A special issue of Sensors (ISSN 1424-8220). This special issue belongs to the section "Sensor Networks".

Deadline for manuscript submissions: 20 June 2025 | Viewed by 763

Special Issue Editor

Department of Physiology, School of Medicine, Pusan National University, Yangsan, Republic of Korea
Interests: reinforcement learning; spiking neural networks; information processing; large-language model
Special Issues, Collections and Topics in MDPI journals

Special Issue Information

Dear Colleagues,

This Special Issue aims to explore the integration of advanced intelligent systems, specifically reinforcement learning (RL), into the realm of sensor technology. RL has demonstrated powerful potential for optimizing sensor behavior, enhancing adaptability, and enabling decision-making capabilities in dynamic environments.

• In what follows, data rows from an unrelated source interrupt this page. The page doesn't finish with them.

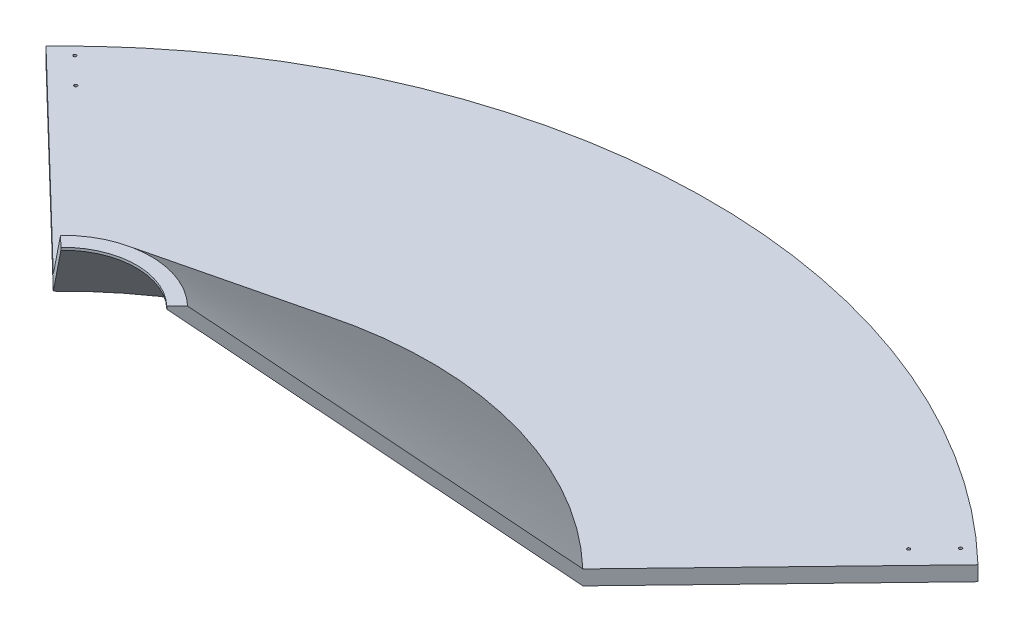
from build123d import *

# Parameters (mm, degrees)
CUT_EXTRUDE_1_DEPTH      = 1636.725546456
CUT_EXTRUDE_1_DEPTH_BACK = 1636.725546456
SKETCH_3_OUTSIDE_W       = 2264.278
SKETCH_3_OUTSIDE_H       = 2264.278
CUT_EXTRUDE_5_DEPTH      = 10
HOLE_WIZARD_M5_1_D       = 4.2


with BuildPart() as part:
    # 草图2 → 旋转1 (revolve)
    with BuildSketch(Plane.XY):
        Polygon((-422.349891291, 6.062538723), (-42.349891291, 6.062538723), (337.650108709, 320.562538723), (357.650108709, 320.562538723), (357.650108709, 317.115170302), (-42.349891291, -13.937461277), (-422.349891291, -13.937461277), align=None)
    revolve(axis=Axis((457.650108709, 481.315085819, 0), (0, -1, 0)))

    # 草图3 outside → 切除-拉伸1 (cut, two sides: drawn at the far end of the back side and taken through both)
    with BuildSketch(Plane(origin=(0, 320.562538723, 0), x_dir=(1, 0, 0), z_dir=(0, 1, 0)).offset(-CUT_EXTRUDE_1_DEPTH_BACK)):
        with Locations((457.65, 0)):
            Rectangle(SKETCH_3_OUTSIDE_W, SKETCH_3_OUTSIDE_H)
        Polygon((457.650108709, 0), (1205.950605112, 776.341843522), (29.226896752, 1910.562473831), (-719.073599651, 1134.220630309), align=None, mode=Mode.SUBTRACT)
    extrude(amount=CUT_EXTRUDE_1_DEPTH + CUT_EXTRUDE_1_DEPTH_BACK, mode=Mode.SUBTRACT)

    # 草图7 → 切除-拉伸5 (cut)
    with BuildSketch(Plane.XZ.offset(13.937461277)):
        Polygon((395.372807922, -667.072096819), (405.372807922, -667.072096819), (406.034922879, -631.072096819), (396.034922879, -631.072096819), (395.7038654, -649.072096819), align=None)
        Polygon((495.686956256, -650.910994037), (496.018013734, -632.910994037), (486.018013734, -632.910994037), (486.018013734, -668.907950391), (495.355954757, -668.907950391), align=None)
    extrude(amount=-CUT_EXTRUDE_5_DEPTH, mode=Mode.SUBTRACT)

    # M5 螺纹孔1 (through all)
    with Locations(Plane(origin=(-145.171244311, 6.062538723, -619.24250439), x_dir=(1, 0, 0), z_dir=(0, 1, 0))):
        with Locations((0, 0), (35.99950912, -34.699212428)):
            hole_wizard_m5_1 = Hole(HOLE_WIZARD_M5_1_D / 2)

    # 镜向1: M5 螺纹孔1 across plane
    add(hole_wizard_m5_1.mirror(Plane(origin=(457.495352358, 0, -8.41429209), x_dir=(0.018388972176112385, 0, 0.9998309085551947), z_dir=(-0.9998309085551947, 0, 0.018388972176112385))), mode=Mode.SUBTRACT)


solid = part.part

The proposed Special Issue will cover the following topics:

  • Application of RL in sensor networks for improved data collection and fusion.
  • Intelligent optimization and control of multi-sensor systems.
  • Use of RL to enhance sensing capabilities in IoT environments.
  • AI-enabled sensors with a focus on learning-based adaptation.
  • Reinforcement learning for efficient energy management in sensor systems.
  • Human–computer Interaction in RL-based smart sensor systems.
  • Intelligent navigation and positioning through sensor data fusion.
  • Neuromorphic chips for advanced sensing and decision-making.
  • Energy-efficient systems for autonomous sensing applications.
  • Spiking neural networks in intelligent sensor networks.
  • Machine learning approaches for adaptive sensor networks.
  • Embedded AI in real-time sensor applications.
  • Cognitive sensors for enhanced environment interaction. 
  • Bio-inspired sensing for autonomous systems.
  • Neural processing units for efficient data analysis in sensor systems.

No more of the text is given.